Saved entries
== Segment start ==

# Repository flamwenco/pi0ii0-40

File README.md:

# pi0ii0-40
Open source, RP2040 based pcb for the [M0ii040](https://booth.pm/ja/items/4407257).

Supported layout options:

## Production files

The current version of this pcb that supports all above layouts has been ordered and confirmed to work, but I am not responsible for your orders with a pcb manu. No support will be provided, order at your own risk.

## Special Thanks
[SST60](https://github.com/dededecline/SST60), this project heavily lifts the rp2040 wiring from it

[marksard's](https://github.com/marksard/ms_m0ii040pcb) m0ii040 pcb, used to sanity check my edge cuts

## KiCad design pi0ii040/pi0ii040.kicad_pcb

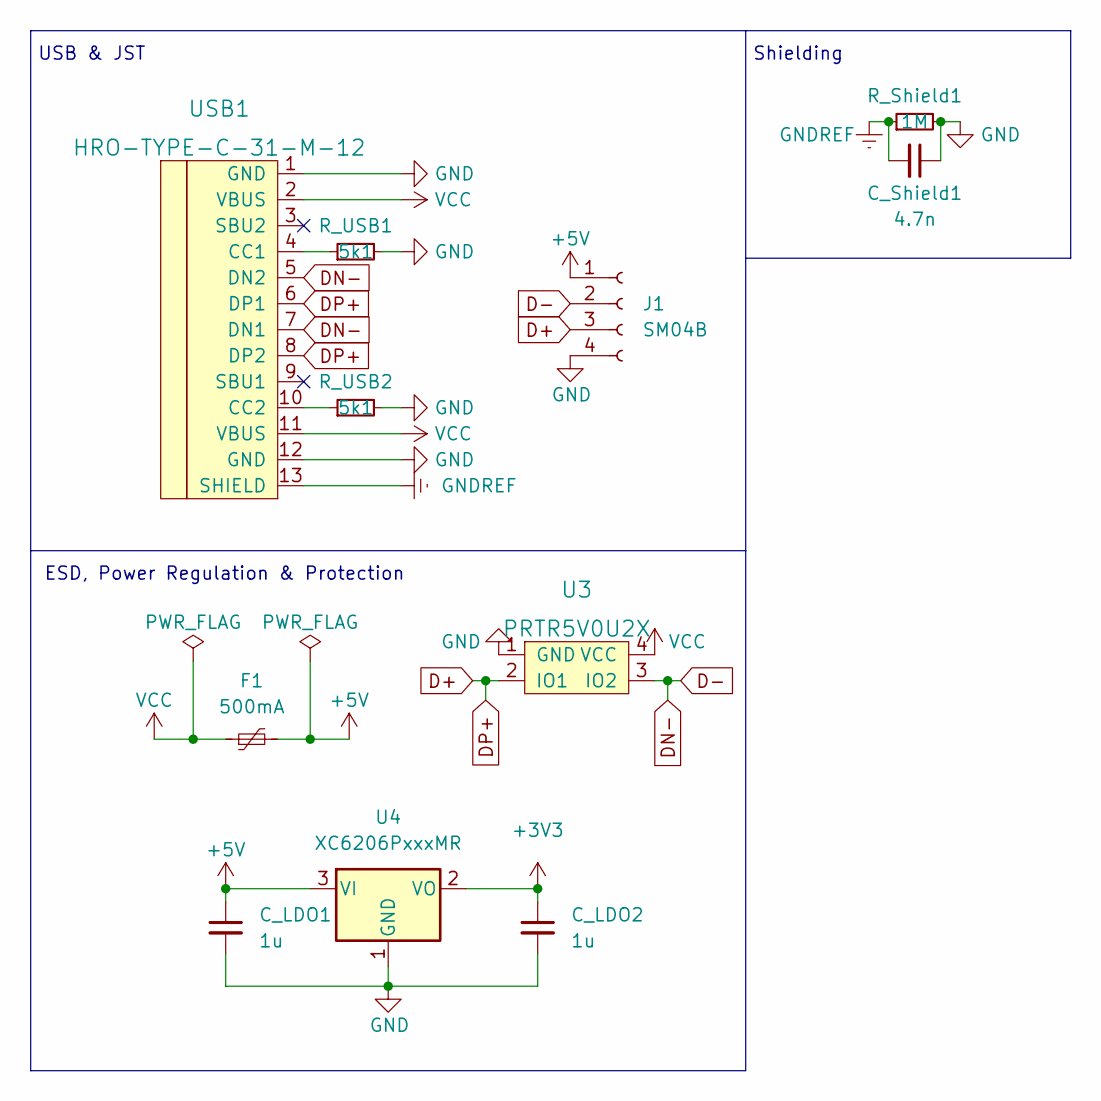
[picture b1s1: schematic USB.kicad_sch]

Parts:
C_LDO1, C_LDO2: 1u; C_0402_1005Metric
C_Shield1: 4.7n; C_0402_1005Metric
F1: 500mA; Fuse_0805_2012Metric
J1: SM04B; JST_SH_SM04B-SRSS-TB_1x04-1MP_P1.00mm_Horizontal
R_Shield1: 1M; R_0402_1005Metric
R_USB1, R_USB2: 5k1; R_0402_1005Metric
U3: PRTR5V0U2X; SOT143B
U4: XC6206PxxxMR; SOT-23
USB1: HRO-TYPE-C-31-M-12; HRO-TYPE-C-31-M-12-Assembly

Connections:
+3V3: C_LDO2.1, U4.2 (VO); also elsewhere on the board
+5V: C_LDO1.1, F1.2, J1.1, U4.3 (VI)
D+: J1.3, U3.2 (IO1), USB1.6 (DP1), USB1.8 (DP2); also elsewhere on the board
D-: J1.2, U3.3 (IO2), USB1.5 (DN2), USB1.7 (DN1); also elsewhere on the board
GND: C_LDO1.2, C_LDO2.2, C_Shield1.1, J1.4, R_Shield1.2, R_USB1.2, R_USB2.2, U3.1 (GND), U4.1 (GND), USB1.1 (GND), USB1.12 (GND); also elsewhere on the board
GNDREF: C_Shield1.2, R_Shield1.1, USB1.13 (SHIELD)
unnamed: R_USB1.1, USB1.4 (CC1)
unnamed: R_USB2.1, USB1.10 (CC2)
VCC: F1.1, U3.4 (VCC), USB1.2 (VBUS), USB1.11 (VBUS)

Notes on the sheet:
Shielding
ESD, Power Regulation & Protection
USB & JST

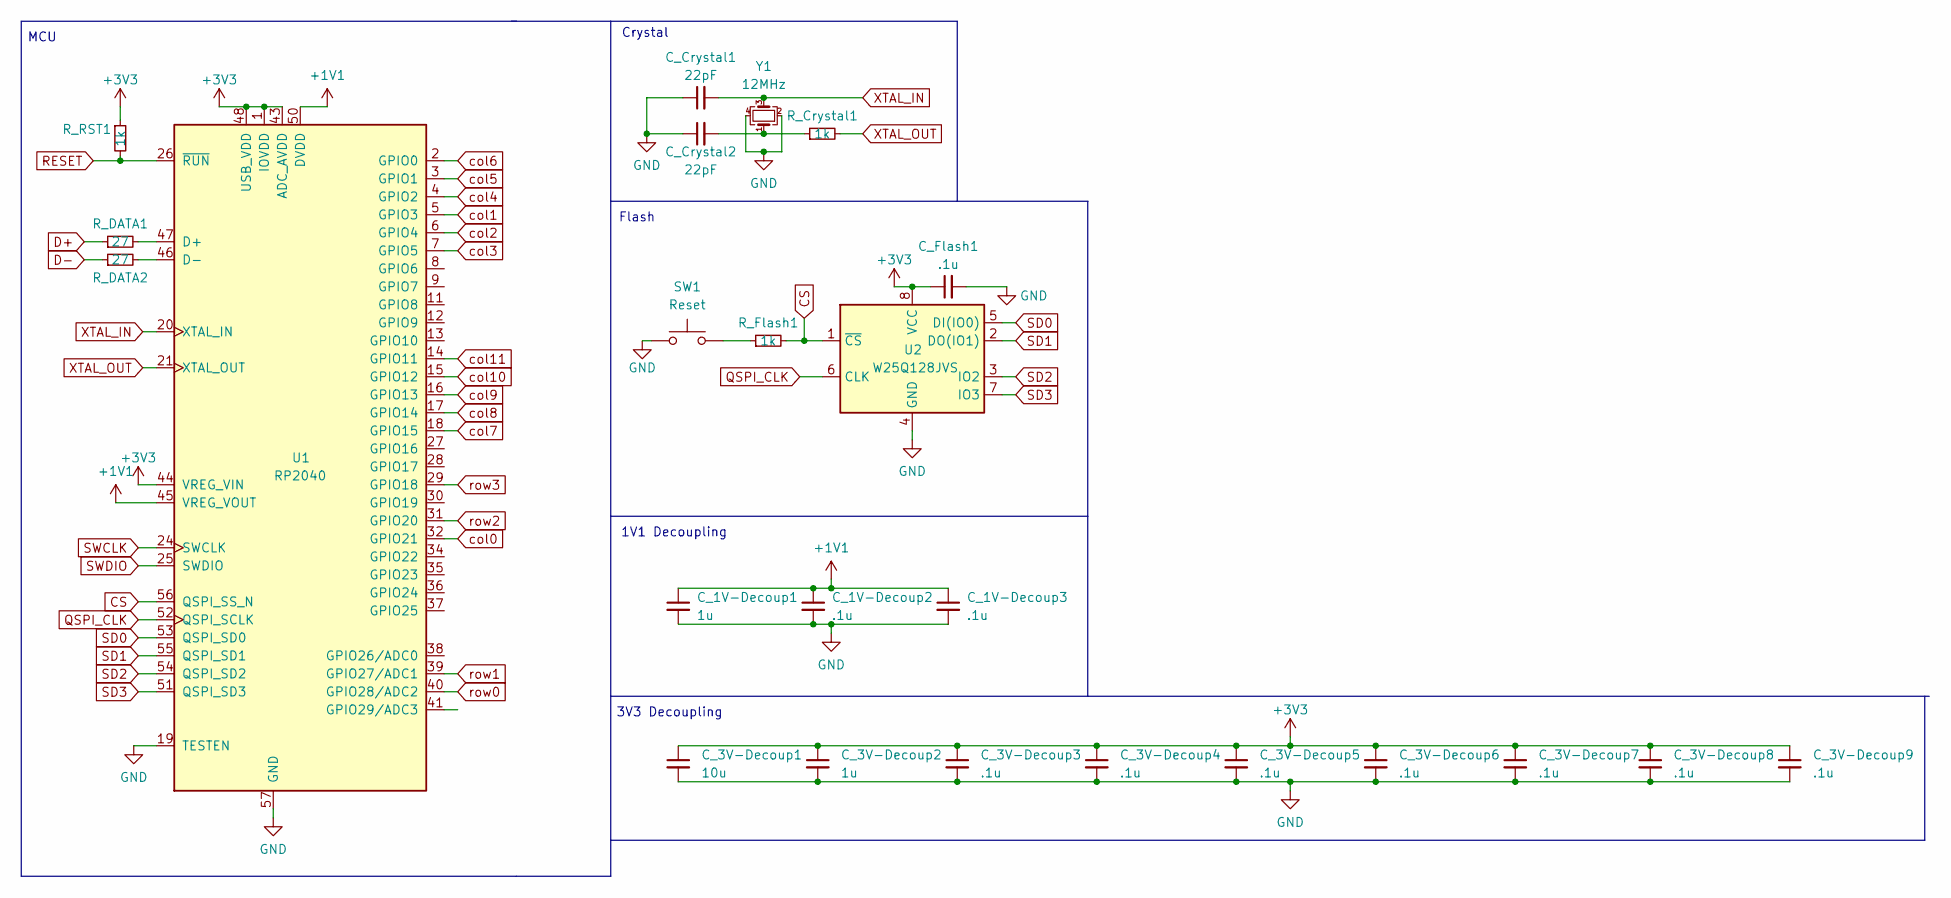
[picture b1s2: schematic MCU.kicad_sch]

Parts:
C_1V-Decoup1, C_3V-Decoup2: 1u; C_0402_1005Metric
C_1V-Decoup2, C_1V-Decoup3, C_3V-Decoup3, C_3V-Decoup4, C_3V-Decoup5, C_3V-Decoup6, C_3V-Decoup7, C_3V-Decoup8, C_3V-Decoup9: .1u; C_0402_1005Metric
C_3V-Decoup1: 10u; C_0402_1005Metric
C_Crystal1, C_Crystal2: 22pF; C_0402_1005Metric
C_Flash1: .1u; C_0402_1005Metric
R_Crystal1: 1k; R_0402_1005Metric
R_DATA1, R_DATA2: 27; R_0402_1005Metric
R_Flash1: 1k; R_0402_1005Metric
R_RST1: 1k; R_0402_1005Metric
SW1: Reset; PinHeader_1x02_P1.27mm_Vertical
U1: RP2040; RP2040-QFN-56
U2: W25Q128JVS; SOIC-8_5.23x5.23mm_P1.27mm
Y1: 12MHz; Crystal_SMD_3225-4Pin_3.2x2.5mm

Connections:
+1V1: C_1V-Decoup1.1, C_1V-Decoup2.1, C_1V-Decoup3.1, U1.23 (DVDD), U1.45 (VREG_VOUT), U1.50 (DVDD)
+3V3: C_3V-Decoup1.1, C_3V-Decoup2.1, C_3V-Decoup3.1, C_3V-Decoup4.1, C_3V-Decoup5.1, C_3V-Decoup6.1, C_3V-Decoup7.1, C_3V-Decoup8.1, C_3V-Decoup9.1, C_Flash1.1, R_RST1.1, U1.1 (IOVDD), U1.10 (IOVDD), U1.22 (IOVDD), U1.33 (IOVDD), U1.42 (IOVDD), U1.43 (ADC_AVDD), U1.44 (VREG_VIN), U1.48 (USB_VDD), U1.49 (IOVDD), U2.8 (VCC); also elsewhere on the board
CS: R_Flash1.2, U1.56 (QSPI_SS_N), U2.1 (~CS)
D+: R_DATA1.1; also elsewhere on the board
D-: R_DATA2.1; also elsewhere on the board
GND: C_1V-Decoup1.2, C_1V-Decoup2.2, C_1V-Decoup3.2, C_3V-Decoup1.2, C_3V-Decoup2.2, C_3V-Decoup3.2, C_3V-Decoup4.2, C_3V-Decoup5.2, C_3V-Decoup6.2, C_3V-Decoup7.2, C_3V-Decoup8.2, C_3V-Decoup9.2, C_Crystal1.1, C_Crystal2.1, C_Flash1.2, SW1.1, U1.19 (TESTEN), U1.57 (GND), U2.4 (GND), Y1.2, Y1.4; also elsewhere on the board
unnamed: C_Crystal2.2, R_Crystal1.1, Y1.1
unnamed: R_Flash1.1, SW1.2
unnamed: R_DATA1.2, U1.47 (D+)
unnamed: R_DATA2.2, U1.46 (D-)
QSPI_CLK: U1.52 (QSPI_SCLK), U2.6 (CLK)
RESET: R_RST1.2, U1.26 (~RUN); also elsewhere on the board
SD0: U1.53 (QSPI_SD0), U2.5 (DI(IO0))
SD1: U1.55 (QSPI_SD1), U2.2 (DO(IO1))
SD2: U1.54 (QSPI_SD2), U2.3 (IO2)
SD3: U1.51 (QSPI_SD3), U2.7 (IO3)
SWCLK: U1.24 (SWCLK); also elsewhere on the board
SWDIO: U1.25 (SWDIO); also elsewhere on the board
XTAL_IN: C_Crystal1.2, U1.20 (XTAL_IN), Y1.3
XTAL_OUT: R_Crystal1.2, U1.21 (XTAL_OUT)
col0: U1.32 (GPIO21); also elsewhere on the board
col1: U1.5 (GPIO3); also elsewhere on the board
col2: U1.6 (GPIO4); also elsewhere on the board
col3: U1.7 (GPIO5); also elsewhere on the board
col4: U1.4 (GPIO2); also elsewhere on the board
col5: U1.3 (GPIO1); also elsewhere on the board
col6: U1.2 (GPIO0); also elsewhere on the board
col7: U1.18 (GPIO15); also elsewhere on the board
col8: U1.17 (GPIO14); also elsewhere on the board
col9: U1.16 (GPIO13); also elsewhere on the board
col10: U1.15 (GPIO12); also elsewhere on the board
col11: U1.14 (GPIO11); also elsewhere on the board
row0: U1.40 (GPIO28/ADC2); also elsewhere on the board
row1: U1.39 (GPIO27/ADC1); also elsewhere on the board
row2: U1.31 (GPIO20); also elsewhere on the board
row3: U1.29 (GPIO18); also elsewhere on the board

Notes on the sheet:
1V1 Decoupling
MCU
3V3 Decoupling
Crystal
Flash

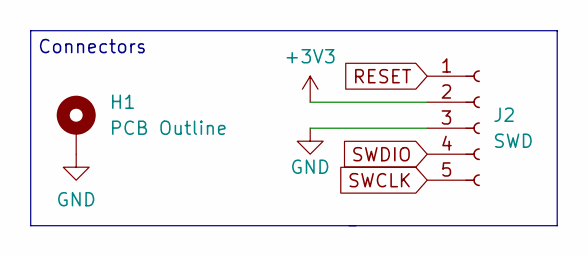
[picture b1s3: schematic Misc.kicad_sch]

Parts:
H1: PCB Outline; m0ii040_PCB_Template_v1.0.1
J2: SWD; PinHeader_1x05_P2.54mm_Vertical

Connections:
+3V3: J2.2; also elsewhere on the board
GND: H1.1, J2.3; also elsewhere on the board
RESET: J2.1; also elsewhere on the board
SWCLK: J2.5; also elsewhere on the board
SWDIO: J2.4; also elsewhere on the board

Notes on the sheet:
Connectors

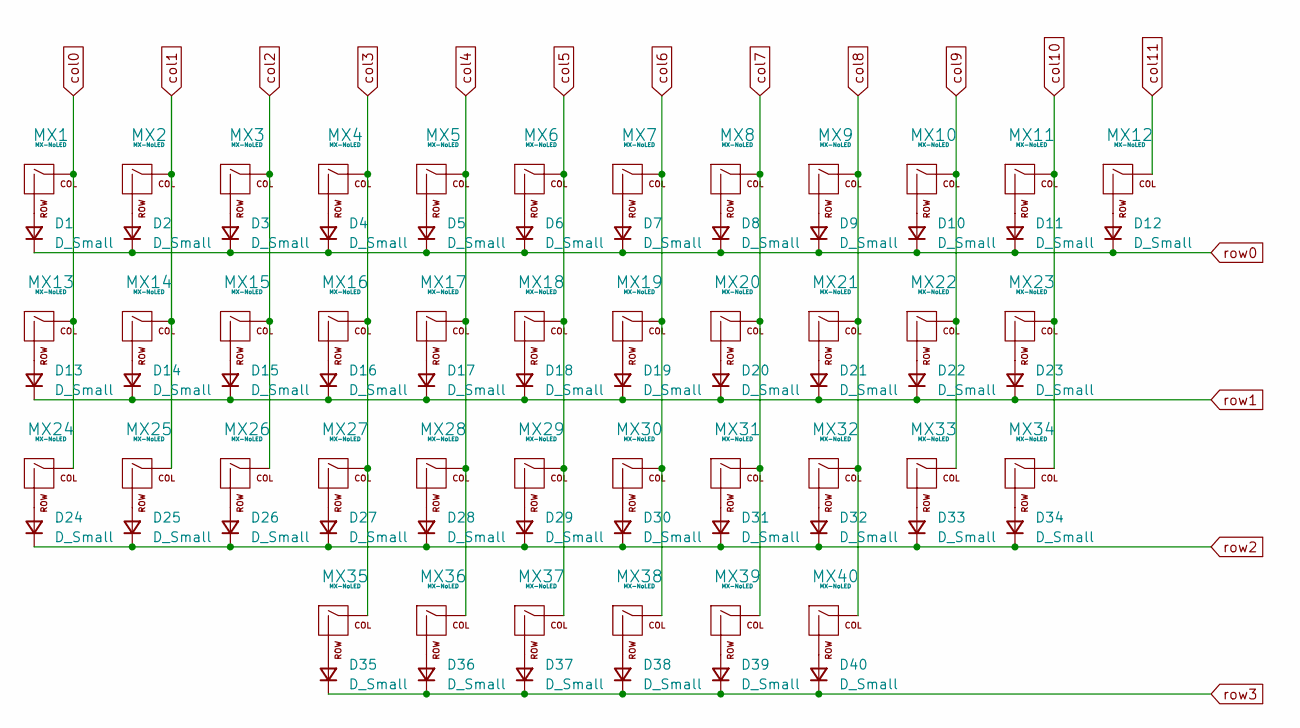
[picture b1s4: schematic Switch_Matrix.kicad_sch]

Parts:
D1, D2, D3, D4, D5, D6, D7, D8, D9, D10, D11, D12, D13, D14, D15, D16, D17, D18, D19, D20, D21, D22, D23, D24, D25, D26, D27, D28, D29, D30, D31, D32, D33, D34, D35, D36, D37, D38, D39, D40: D_Small; D_SOD-123
MX1, MX2, MX3, MX4, MX5, MX6, MX7, MX8, MX9, MX10, MX11, MX12, MX14, MX15, MX16, MX17, MX18, MX19, MX20, MX21, MX22, MX25, MX26, MX27, MX28, MX29, MX30, MX31, MX32, MX33, MX35, MX40: MX-NoLED; MXOnly-1U-NoLED
MX13, MX34, MX36, MX39: MX-NoLED; MXOnly-1.25U-NoLED
MX23, MX24: MX-NoLED; MXOnly-1.75U-NoLED
MX37: MX-NoLED; MXOnly-2.75U-ReversedStabilizers-NoLED
MX38: MX-NoLED; MXOnly-2.25U-ReversedStabilizers-NoLED

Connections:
unnamed: D1.2 (A), MX1.2 (ROW)
unnamed: D2.2 (A), MX2.2 (ROW)
unnamed: D3.2 (A), MX3.2 (ROW)
unnamed: D4.2 (A), MX4.2 (ROW)
unnamed: D5.2 (A), MX5.2 (ROW)
unnamed: D6.2 (A), MX6.2 (ROW)
unnamed: D7.2 (A), MX7.2 (ROW)
unnamed: D8.2 (A), MX8.2 (ROW)
unnamed: D9.2 (A), MX9.2 (ROW)
unnamed: D10.2 (A), MX10.2 (ROW)
unnamed: D11.2 (A), MX11.2 (ROW)
unnamed: D12.2 (A), MX12.2 (ROW)
unnamed: D13.2 (A), MX13.2 (ROW)
unnamed: D14.2 (A), MX14.2 (ROW)
unnamed: D15.2 (A), MX15.2 (ROW)
unnamed: D16.2 (A), MX16.2 (ROW)
unnamed: D17.2 (A), MX17.2 (ROW)
unnamed: D18.2 (A), MX18.2 (ROW)
unnamed: D19.2 (A), MX19.2 (ROW)
unnamed: D20.2 (A), MX20.2 (ROW)
unnamed: D21.2 (A), MX21.2 (ROW)
unnamed: D22.2 (A), MX22.2 (ROW)
unnamed: D23.2 (A), MX23.2 (ROW)
unnamed: D24.2 (A), MX24.2 (ROW)
unnamed: D25.2 (A), MX25.2 (ROW)
unnamed: D26.2 (A), MX26.2 (ROW)
unnamed: D27.2 (A), MX27.2 (ROW)
unnamed: D28.2 (A), MX28.2 (ROW)
unnamed: D29.2 (A), MX29.2 (ROW)
unnamed: D30.2 (A), MX30.2 (ROW)
unnamed: D31.2 (A), MX31.2 (ROW)
unnamed: D32.2 (A), MX32.2 (ROW)
unnamed 41: D33.2 (A), MX33.2 (ROW); also elsewhere on the board
unnamed 42: D34.2 (A), MX34.2 (ROW); also elsewhere on the board
unnamed 43: D35.2 (A), MX35.2 (ROW); also elsewhere on the board
unnamed: D36.2 (A), MX36.2 (ROW)
unnamed 45: D37.2 (A), MX37.2 (ROW); also elsewhere on the board
unnamed: D38.2 (A), MX38.2 (ROW)
unnamed: D39.2 (A), MX39.2 (ROW)
unnamed 48: D40.2 (A), MX40.2 (ROW); also elsewhere on the board
col0: MX1.1 (COL), MX13.1 (COL), MX24.1 (COL); also elsewhere on the board
col1: MX2.1 (COL), MX14.1 (COL), MX25.1 (COL); also elsewhere on the board
col2: MX3.1 (COL), MX15.1 (COL), MX26.1 (COL); also elsewhere on the board
col3: MX4.1 (COL), MX16.1 (COL), MX27.1 (COL), MX35.1 (COL); also elsewhere on the board
col4: MX5.1 (COL), MX17.1 (COL), MX28.1 (COL), MX36.1 (COL); also elsewhere on the board
col5: MX6.1 (COL), MX18.1 (COL), MX29.1 (COL), MX37.1 (COL); also elsewhere on the board
col6: MX7.1 (COL), MX19.1 (COL), MX30.1 (COL), MX38.1 (COL); also elsewhere on the board
col7: MX8.1 (COL), MX20.1 (COL), MX31.1 (COL), MX39.1 (COL); also elsewhere on the board
col8: MX9.1 (COL), MX21.1 (COL), MX32.1 (COL), MX40.1 (COL); also elsewhere on the board
col9: MX10.1 (COL), MX22.1 (COL), MX33.1 (COL); also elsewhere on the board
col10: MX11.1 (COL), MX23.1 (COL), MX34.1 (COL); also elsewhere on the board
col11: MX12.1 (COL); also elsewhere on the board
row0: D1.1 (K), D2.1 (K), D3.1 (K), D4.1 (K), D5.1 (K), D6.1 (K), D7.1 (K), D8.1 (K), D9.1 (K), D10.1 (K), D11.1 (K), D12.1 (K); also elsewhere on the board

== Segment end ==

Required action: Beginning at the line above with "unnamed: D26.2 (A), MX26.2 (ROW)" and finishing at the line with "unnamed: D39.2 (A), MX39.2 (ROW)", return each line exactly and return nothing else.

Your response:
unnamed: D26.2 (A), MX26.2 (ROW)
unnamed: D27.2 (A), MX27.2 (ROW)
unnamed: D28.2 (A), MX28.2 (ROW)
unnamed: D29.2 (A), MX29.2 (ROW)
unnamed: D30.2 (A), MX30.2 (ROW)
unnamed: D31.2 (A), MX31.2 (ROW)
unnamed: D32.2 (A), MX32.2 (ROW)
unnamed 41: D33.2 (A), MX33.2 (ROW); also elsewhere on the board
unnamed 42: D34.2 (A), MX34.2 (ROW); also elsewhere on the board
unnamed 43: D35.2 (A), MX35.2 (ROW); also elsewhere on the board
unnamed: D36.2 (A), MX36.2 (ROW)
unnamed 45: D37.2 (A), MX37.2 (ROW); also elsewhere on the board
unnamed: D38.2 (A), MX38.2 (ROW)
unnamed: D39.2 (A), MX39.2 (ROW)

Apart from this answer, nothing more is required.